# good vibrations 2006



## Anonyme (4 Décembre 2005)

LES DERNIÈRES MINUTES  





> Un magazine féminin propose un vibromasseur avec son dernier numéro
> 
> 02-12  19:10:13  Un magazine féminin français, le bimensuel Jalouse, propose un vibromasseur avec son dernier numéro, livré sous un film plastique opaque, avec la mention "Interdit aux moins de 18 ans", une première dans l'histoire de la presse magazine en France.
> 
> ...


----------



## La mouette (4 Décembre 2005)

ça va partir en sucette


----------



## mog (4 Décembre 2005)

Alors... heureuse?


----------



## Stargazer (4 Décembre 2005)

La mouette a dit:
			
		

> ça va partir en sucette



Non non ça se met pas vraiment dans la bouche ...


----------



## MACcossinelle (4 Décembre 2005)

good vibrations à vous !!!    ​


----------



## MACcossinelle (4 Décembre 2005)

Stargazer a dit:
			
		

> Non non ça se met pas vraiment dans la bouche ...



  
​


----------



## Anonyme (4 Décembre 2005)

C'est bon, avec la surenchère dans les batailles entre magasines on aurra droit à notre poupée gonflable mensuelle avec chaquue playboy...


----------



## MACcossinelle (4 Décembre 2005)

mog a dit:
			
		

> Alors... heureuse?


bä moi je connaissais pas "Jalouse" comme magazine mais je vais peut-être m'y mettre...


----------



## supermoquette (4 Décembre 2005)

ah non pas de poupée ! j'ai plus de chaises !


----------



## La mouette (4 Décembre 2005)

Je veux mon iSight avec un mag MAC...


----------



## macinside (4 Décembre 2005)

MACcossinelle a dit:
			
		

> good vibrations à vous !!!    ​



dit donc cossy, tu a bien dit que tu a passer l'aprem seul sous une couette avec des livres ? :rateau:

oui je sais je vois du vice partout :rateau:


----------



## Stargazer (4 Décembre 2005)

La mouette a dit:
			
		

> Je veux mon iSight avec un mag MAC...



Toi t'as envie de te montrer à poil ....


----------



## MACcossinelle (4 Décembre 2005)

macinside a dit:
			
		

> dit donc cossy, tu a bien dit que tu a passer l'aprem seul sous une couette avec des livres ? :rateau:



j'ai dis ça moi...


----------



## La mouette (4 Décembre 2005)

MACcossinelle a dit:
			
		

> j'ai dis ça moi...




 la couette va bien ? :love:


----------



## La mouette (4 Décembre 2005)

Stargazer a dit:
			
		

> Toi t'as envie de te montrer à poil ....



Vais me raser    :love:


----------



## Stargazer (4 Décembre 2005)

La mouette a dit:
			
		

> la couette va bien ? :love:




Elle elle s'en souvient aussi comme les draps ...


----------



## La mouette (4 Décembre 2005)

Pas de draps...pas de chocolat :love:


----------



## MACcossinelle (4 Décembre 2005)

La mouette a dit:
			
		

> Pas de draps...pas de chocolat :love:




   ​


----------



## mog (4 Décembre 2005)

Stargazer a dit:
			
		

> Toi t'as envie de te montrer à poil ....

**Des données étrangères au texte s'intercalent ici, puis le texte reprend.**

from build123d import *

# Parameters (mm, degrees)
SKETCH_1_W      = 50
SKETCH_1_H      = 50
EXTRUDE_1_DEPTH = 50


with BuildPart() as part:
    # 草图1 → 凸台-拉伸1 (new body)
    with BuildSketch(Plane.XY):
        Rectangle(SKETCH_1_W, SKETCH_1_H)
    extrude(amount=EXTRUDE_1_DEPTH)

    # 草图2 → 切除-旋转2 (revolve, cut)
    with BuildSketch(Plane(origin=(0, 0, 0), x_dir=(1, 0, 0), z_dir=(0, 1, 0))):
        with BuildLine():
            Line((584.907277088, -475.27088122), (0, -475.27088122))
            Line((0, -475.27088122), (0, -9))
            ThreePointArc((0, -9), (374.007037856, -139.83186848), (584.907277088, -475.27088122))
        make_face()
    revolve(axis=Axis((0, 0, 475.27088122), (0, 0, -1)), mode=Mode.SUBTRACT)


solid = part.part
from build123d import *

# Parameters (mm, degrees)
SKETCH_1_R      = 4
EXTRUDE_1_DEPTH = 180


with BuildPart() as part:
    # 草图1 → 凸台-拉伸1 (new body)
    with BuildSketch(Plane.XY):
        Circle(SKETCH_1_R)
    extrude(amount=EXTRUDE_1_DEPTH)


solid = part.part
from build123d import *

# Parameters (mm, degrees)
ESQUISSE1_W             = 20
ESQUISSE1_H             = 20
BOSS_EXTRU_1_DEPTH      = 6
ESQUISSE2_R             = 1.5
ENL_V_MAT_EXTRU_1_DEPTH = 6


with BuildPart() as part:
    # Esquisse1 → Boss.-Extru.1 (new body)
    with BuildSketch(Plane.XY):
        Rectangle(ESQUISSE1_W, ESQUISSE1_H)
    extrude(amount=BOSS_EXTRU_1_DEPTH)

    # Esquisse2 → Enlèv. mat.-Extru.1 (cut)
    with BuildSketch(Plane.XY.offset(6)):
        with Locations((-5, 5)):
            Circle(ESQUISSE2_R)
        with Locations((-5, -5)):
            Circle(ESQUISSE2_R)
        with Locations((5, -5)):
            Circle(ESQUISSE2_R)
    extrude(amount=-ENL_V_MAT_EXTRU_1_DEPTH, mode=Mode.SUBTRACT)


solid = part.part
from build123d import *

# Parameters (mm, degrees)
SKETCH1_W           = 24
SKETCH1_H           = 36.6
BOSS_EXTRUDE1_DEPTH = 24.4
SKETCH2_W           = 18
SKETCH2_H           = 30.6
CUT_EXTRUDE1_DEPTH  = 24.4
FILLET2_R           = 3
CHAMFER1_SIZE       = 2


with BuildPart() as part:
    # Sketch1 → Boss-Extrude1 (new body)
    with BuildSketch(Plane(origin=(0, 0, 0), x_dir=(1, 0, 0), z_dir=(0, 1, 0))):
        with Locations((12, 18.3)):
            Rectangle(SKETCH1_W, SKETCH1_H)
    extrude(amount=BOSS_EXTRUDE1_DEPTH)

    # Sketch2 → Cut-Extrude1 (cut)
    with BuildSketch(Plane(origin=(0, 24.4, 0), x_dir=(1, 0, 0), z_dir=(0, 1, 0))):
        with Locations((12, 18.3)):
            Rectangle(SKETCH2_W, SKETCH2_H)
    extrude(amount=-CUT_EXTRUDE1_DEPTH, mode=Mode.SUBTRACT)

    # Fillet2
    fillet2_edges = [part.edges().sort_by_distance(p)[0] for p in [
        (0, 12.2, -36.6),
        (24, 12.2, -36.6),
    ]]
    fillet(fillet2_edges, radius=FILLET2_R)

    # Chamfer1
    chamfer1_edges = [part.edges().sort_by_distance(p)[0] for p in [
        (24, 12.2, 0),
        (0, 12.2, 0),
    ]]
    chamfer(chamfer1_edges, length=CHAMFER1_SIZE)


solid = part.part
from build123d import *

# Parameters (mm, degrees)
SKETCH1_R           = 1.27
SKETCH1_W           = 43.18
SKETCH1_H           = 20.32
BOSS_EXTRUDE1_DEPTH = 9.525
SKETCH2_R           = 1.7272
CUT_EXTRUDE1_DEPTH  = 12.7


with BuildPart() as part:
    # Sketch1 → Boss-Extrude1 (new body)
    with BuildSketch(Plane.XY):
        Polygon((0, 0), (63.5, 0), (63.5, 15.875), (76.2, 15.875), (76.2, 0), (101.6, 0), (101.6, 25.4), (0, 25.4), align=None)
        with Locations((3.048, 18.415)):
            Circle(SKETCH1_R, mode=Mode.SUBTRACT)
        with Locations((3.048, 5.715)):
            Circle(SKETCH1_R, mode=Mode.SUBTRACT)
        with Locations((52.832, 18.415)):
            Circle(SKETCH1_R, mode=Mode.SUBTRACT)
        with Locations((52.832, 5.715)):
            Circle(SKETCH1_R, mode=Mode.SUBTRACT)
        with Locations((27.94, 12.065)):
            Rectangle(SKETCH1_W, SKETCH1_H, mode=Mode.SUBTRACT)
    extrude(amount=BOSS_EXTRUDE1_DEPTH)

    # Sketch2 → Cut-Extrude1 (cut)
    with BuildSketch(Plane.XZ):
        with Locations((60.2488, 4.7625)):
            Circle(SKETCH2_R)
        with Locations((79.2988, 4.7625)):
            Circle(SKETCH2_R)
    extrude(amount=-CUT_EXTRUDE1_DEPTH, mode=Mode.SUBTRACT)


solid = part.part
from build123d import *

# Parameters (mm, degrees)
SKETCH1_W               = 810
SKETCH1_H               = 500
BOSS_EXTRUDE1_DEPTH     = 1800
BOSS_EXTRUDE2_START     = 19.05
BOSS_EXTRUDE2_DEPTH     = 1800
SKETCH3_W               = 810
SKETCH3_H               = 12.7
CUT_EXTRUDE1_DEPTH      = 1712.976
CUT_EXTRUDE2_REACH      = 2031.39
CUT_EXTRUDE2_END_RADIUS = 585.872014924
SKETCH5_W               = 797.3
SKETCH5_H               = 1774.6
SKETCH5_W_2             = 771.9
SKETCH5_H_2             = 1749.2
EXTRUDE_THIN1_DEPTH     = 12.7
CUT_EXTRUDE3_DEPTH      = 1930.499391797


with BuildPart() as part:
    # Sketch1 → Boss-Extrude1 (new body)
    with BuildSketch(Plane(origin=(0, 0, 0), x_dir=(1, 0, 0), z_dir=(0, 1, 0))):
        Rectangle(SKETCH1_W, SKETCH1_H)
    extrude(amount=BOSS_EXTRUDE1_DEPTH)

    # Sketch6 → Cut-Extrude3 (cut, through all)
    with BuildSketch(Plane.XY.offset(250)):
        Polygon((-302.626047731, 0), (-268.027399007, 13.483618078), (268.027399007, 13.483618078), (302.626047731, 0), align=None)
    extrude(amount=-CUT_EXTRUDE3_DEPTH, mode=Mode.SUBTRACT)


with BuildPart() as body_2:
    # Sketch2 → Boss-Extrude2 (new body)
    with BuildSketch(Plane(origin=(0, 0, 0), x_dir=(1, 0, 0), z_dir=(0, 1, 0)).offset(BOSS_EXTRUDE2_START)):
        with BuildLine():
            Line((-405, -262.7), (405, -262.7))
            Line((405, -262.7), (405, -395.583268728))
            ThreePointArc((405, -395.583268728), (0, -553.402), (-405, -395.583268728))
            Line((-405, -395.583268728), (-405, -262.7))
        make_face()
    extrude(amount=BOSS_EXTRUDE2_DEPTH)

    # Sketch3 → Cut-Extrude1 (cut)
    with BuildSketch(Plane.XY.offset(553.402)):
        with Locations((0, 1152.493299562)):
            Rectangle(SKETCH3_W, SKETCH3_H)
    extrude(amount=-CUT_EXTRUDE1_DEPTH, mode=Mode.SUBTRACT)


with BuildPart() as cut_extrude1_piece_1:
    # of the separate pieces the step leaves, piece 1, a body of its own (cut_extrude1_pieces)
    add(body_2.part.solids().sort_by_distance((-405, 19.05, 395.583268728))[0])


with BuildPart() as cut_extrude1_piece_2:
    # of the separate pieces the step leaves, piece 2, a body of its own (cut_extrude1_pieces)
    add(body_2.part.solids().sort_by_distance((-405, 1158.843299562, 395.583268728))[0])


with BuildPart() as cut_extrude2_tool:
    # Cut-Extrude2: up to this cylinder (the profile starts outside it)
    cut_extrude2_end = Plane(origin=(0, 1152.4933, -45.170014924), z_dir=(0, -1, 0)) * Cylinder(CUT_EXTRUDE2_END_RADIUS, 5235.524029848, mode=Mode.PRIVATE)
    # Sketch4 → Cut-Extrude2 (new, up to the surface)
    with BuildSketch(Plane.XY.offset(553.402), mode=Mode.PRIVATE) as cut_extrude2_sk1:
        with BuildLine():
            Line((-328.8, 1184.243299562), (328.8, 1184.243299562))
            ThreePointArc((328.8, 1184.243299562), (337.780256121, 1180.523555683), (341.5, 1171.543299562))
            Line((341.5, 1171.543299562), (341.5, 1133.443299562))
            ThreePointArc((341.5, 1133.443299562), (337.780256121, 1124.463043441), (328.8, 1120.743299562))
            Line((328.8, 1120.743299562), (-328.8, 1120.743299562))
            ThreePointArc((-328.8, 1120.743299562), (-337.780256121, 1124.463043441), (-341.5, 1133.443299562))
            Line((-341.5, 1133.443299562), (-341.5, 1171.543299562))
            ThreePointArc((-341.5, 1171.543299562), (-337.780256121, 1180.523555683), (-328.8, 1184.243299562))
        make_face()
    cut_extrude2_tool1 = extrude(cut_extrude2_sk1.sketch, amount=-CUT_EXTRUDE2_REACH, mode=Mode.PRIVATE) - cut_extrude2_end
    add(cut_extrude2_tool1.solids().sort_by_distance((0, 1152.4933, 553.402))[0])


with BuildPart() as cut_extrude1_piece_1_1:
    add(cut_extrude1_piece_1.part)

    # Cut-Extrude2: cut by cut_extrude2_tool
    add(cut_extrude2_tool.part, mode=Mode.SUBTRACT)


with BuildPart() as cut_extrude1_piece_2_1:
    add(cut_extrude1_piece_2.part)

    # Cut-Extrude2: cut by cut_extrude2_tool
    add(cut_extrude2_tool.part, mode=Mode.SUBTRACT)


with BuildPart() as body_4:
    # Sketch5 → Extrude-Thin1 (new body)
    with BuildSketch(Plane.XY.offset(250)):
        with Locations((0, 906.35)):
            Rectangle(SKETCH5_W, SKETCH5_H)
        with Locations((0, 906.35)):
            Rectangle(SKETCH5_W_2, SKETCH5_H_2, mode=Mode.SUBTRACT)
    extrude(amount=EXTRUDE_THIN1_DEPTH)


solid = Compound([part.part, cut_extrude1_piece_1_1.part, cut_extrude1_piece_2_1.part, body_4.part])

Malheureusement, je pense qu'il y plus de chance que la future iSight intègre un système *anti*-vibrations... :rose:


----------



## Stargazer (4 Décembre 2005)

La mouette a dit:
			
		

> Pas de draps...pas de chocolat :love:



Et moi qui voulais m'en enduire tout le corps ...


----------



## MACcossinelle (4 Décembre 2005)

Stargazer a dit:
			
		

> Et moi qui voulais m'en enduire tout le corps ...



on trouvera une solution...  :rose:


----------



## Stargazer (4 Décembre 2005)

J'en doute pas ...


----------



## La mouette (4 Décembre 2005)

MACcossinelle a dit:
			
		

> on trouvera une solution...  :rose:



Cherchons....


----------



## macinside (4 Décembre 2005)

MACcossinelle a dit:
			
		

> j'ai dis ça moi...





> après-midi sous le duvet en perspective avec tout plein de gros bouquins sur les genoux
> je n'ai jamais été aussi sereine face à 43exos que j'ai à faire...
> allez savoir pourquoi....



la preuve


----------



## MACcossinelle (4 Décembre 2005)

macinside a dit:
			
		

> la preuve



ah oui... :rose:


----------



## macinside (4 Décembre 2005)

marie  la petite veux ce numéro de jalouse :rateau:


----------



## MACcossinelle (4 Décembre 2005)

macinside a dit:
			
		

> marie  la petite veux ce numéro de jalouse :rateau:


elle s'en fout, elle a Finn !!! :rateau:


----------



## La mouette (4 Décembre 2005)

Hier les mecs avaient le sujet des Miss...

Ce soir il y a ce fil....

Vive l'égalité


----------



## Nephou (4 Décembre 2005)

MACcossinelle a dit:
			
		

> mais je vais peut-être mis mettre...




_dîtes, c'est fait exprès là non ? avoue _


----------



## je hais les ordis (4 Décembre 2005)

boah j'pensais que ca parler reggae ici....good vibrations...pffff


----------



## Apca (4 Décembre 2005)

A quands des Ibook ou Ipod avec les magazines ?


----------



## Le_iPodeur (4 Décembre 2005)

ou un iPod shuffle camouflé dans un packet de chewing-gum ? (ça c'est faisable par contre)


----------



## Stargazer (4 Décembre 2005)

On dévie du sujet là !!!


----------



## MACcossinelle (4 Décembre 2005)

Stargazer a dit:
			
		

> On dévie du sujet là !!!



effectivement 

aucun rapport entre le chewing-gum et le vibro...?


----------



## La mouette (4 Décembre 2005)

Stargazer a dit:
			
		

> On dévie du sujet là !!!




Scandaleux...on parlait tranquillement de vibros et là !!!!


----------



## Anonyme (4 Décembre 2005)

Ca risque de monter au dessus de la ceinture (on y est presque avec l'ipod)


----------



## Apca (4 Décembre 2005)

Bon, retournons à nos moutons. . . :sleep: 

Euh enfin, à nos vibro. . .


----------



## Stargazer (4 Décembre 2005)

MACcossinelle a dit:
			
		

> effectivement
> 
> aucun rapport entre le chewing-gum et le vibro...?



Si mais bon ...


----------



## La mouette (4 Décembre 2005)

iPantoufle a dit:
			
		

> Ca risque de monter au dessus de la ceinture (on y est presque avec l'ipod)




Vidéo ?


----------



## Stargazer (4 Décembre 2005)

Apca a dit:
			
		

> Bon, retournons à nos moutons. . . :sleep:
> 
> Euh enfin, à nos vibro. . .



Et oui car y a pas de bééééééééééééé comme dirait un ami légionnaire !


----------



## Stargazer (4 Décembre 2005)

La mouette a dit:
			
		

> Vidéo ?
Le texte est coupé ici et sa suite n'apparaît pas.